The hook doesn't have to be action. In fact, it is usually more subtle than that--I have to already start caring about the character at least a little.  So for some books if they start off with the main female acting too snarky, it isn't going to interest me.  If the main character (male or female) is fighting for her/his life, probably enough for me to go on.  If the main character is waking up from a dream sequence...something interesting better have caused the person to wake up because dream sequences aren't all that good at telling me what the character would really do.  Bore me with background of almost any sort at all and it's curtains.  That sort of thing has to be worked into the story gradually for me these days.  Backstory isn't compelling enough for the most part for me, not as an opener.

So...it's critical.


----------



## brianjanuary (Oct 18, 2011)

I need to be hooked by the opening sentence. But in my experience, readers will give a book a one-page scan and if they're not interested, they're gone. Our attention spans have grown very short these days!


----------



## history_lover (Aug 9, 2010)

The first chapter has to be well written but it doesn't have to be can't-put-it-down. I don't mind a book that builds.


----------



## Avis Black (Jun 12, 2012)

The first page has to hook me or I stop. When I look at a sample, I give the first couple of paragraphs a competence check. If the author flunks, I quit right there. Competence consists of correct grammar and spelling, but most importantly, it means better-than-average conceptualization. I want to read something extraordinary instead of ordinary.


----------



## lazarusInfinity (Oct 2, 2012)

I would agree that writers should aim to hook the reader with the first chapter.  Attention spans just aren't what they were years ago, so your potential audience needs a hook right away.  When it comes to movies, the first 5-7 minutes are critical to maintain the audience.  It used to be 10 but that's long since changed.


----------



## Mark Young (Dec 13, 2010)

If I am not into the story by the first chapter--the writer has lost me. I am sorry, but there are too many books to read and not enough time. The only thing that might change my mind is if was a writer I really enjoyed, then I might give them a break and read a few more chapters--maybe.


----------



## authorjea (Sep 14, 2013)

Dan Fiorella said:


> It sounds like a gap between the industry people and the actual consumers, similiar to the mind-think in Hollywood: It's got to grab/hook you in the first 10 pages...or what? They'll toss it for the next manuscript in the slush pile of weekend reading that they are forced to do.
> 
> Meanwhile, in the real world, I've had so many friends state a book "starts off slow, then get really good." So, it's not how you start but how you finish.


*QFT*

Publishing is so guilty of group-think that I get tin-foil-hat'y about it sometimes.

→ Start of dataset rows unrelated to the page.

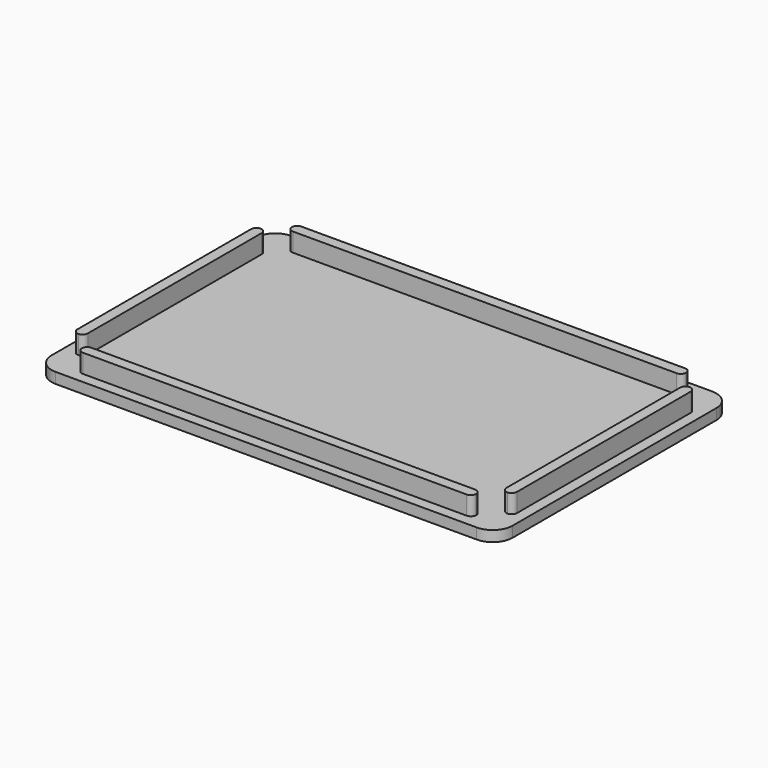
from build123d import *

# Parameters (mm, degrees)
F0_W     = 69.2
F0_H     = 44.2
F1_DEPTH = 1.6
F2_W     = 59.2
F2_H     = 1.6
F2_W_2   = 1.6
F2_H_2   = 34.2
F3_DEPTH = 2.8
F4_R     = 3
F5_R     = 0.79999


# Not quite as in the source:
# - a fillet or chamfer is up to 0.001 mm smaller than in the source, because OpenCascade refuses the exact size


with BuildPart() as f1:
    # F0 (on Top) → F1 (new body)
    with BuildSketch(Plane.XY):
        Rectangle(F0_W, F0_H)
    extrude(amount=F1_DEPTH)

    # F2 (on face) → F3 (join)
    with BuildSketch(Plane.XY.offset(1.6)):
        with Locations((0, -19.7)):
            Rectangle(F2_W, F2_H)
        with Locations((-32.2, 0)):
            Rectangle(F2_W_2, F2_H_2)
        with Locations((32.2, 0)):
            Rectangle(F2_W_2, F2_H_2)
        with Locations((0, 19.7)):
            Rectangle(F2_W, F2_H)
    extrude(amount=F3_DEPTH)

    # F4
    f4_edges = [f1.edges().sort_by_distance(p)[0] for p in [
        (34.6, -22.1, 0.8),
        (34.6, 22.1, 0.8),
        (-34.6, -22.1, 0.8),
        (-34.6, 22.1, 0.8),
    ]]
    fillet(f4_edges, radius=F4_R)

    # F5 (radius 0.8 in the source; OpenCascade refuses exactly that, so slightly less here)
    f5_edges = [f1.edges().sort_by_distance(p)[0] for p in [
        (29.6, -20.5, 3),
        (29.6, -18.9, 3),
        (33, -17.1, 3),
        (31.4, -17.1, 3),
        (29.6, 18.9, 3),
        (29.6, 20.5, 3),
        (-33, -17.1, 3),
        (-31.4, 17.1, 3),
        (-31.4, -17.1, 3),
        (-29.6, 18.9, 3),
        (31.4, 17.1, 3),
        (33, 17.1, 3),
        (-33, 17.1, 3),
        (-29.6, -18.9, 3),
        (-29.6, 20.5, 3),
        (-29.6, -20.5, 3),
    ]]
    fillet(f5_edges, radius=F5_R)


solid = f1.part

As a reader, I go like this:

First Sentence --> First Paragraph --> First Chapter

If I make it through all three without hitting any of my turn-off buttons (of which there are many), then I'm interested. Alternately, if I make it through all three and need an answer to something, then I'm interested.

I also agree with the counter-argument a few posts above me (woe that I can't figure out how to multi-quote within one post) that we as a culture have become so inundated with content that we skip between different things at a rapid speed. There is _so much_ out there, entertainment-wise (or time-dump-wise) that it's very easy to get distracted and switch to something else. I'm as guilty of this as anyone. Particularly with less-involved mediums like television. If the pre-credits tease doesn't absolutely hook me, then I dump the entire series.


----------



## JETaylor (Jan 25, 2011)

As a reader, a new book does have to hook me right away, more so since I started writing.  

However, if I know the author in some way (like through Kboards or Backspace or critique groups), I'll give it a little more than I would normally because sometimes there is a ramp up and I like to give the benefit of the doubt.  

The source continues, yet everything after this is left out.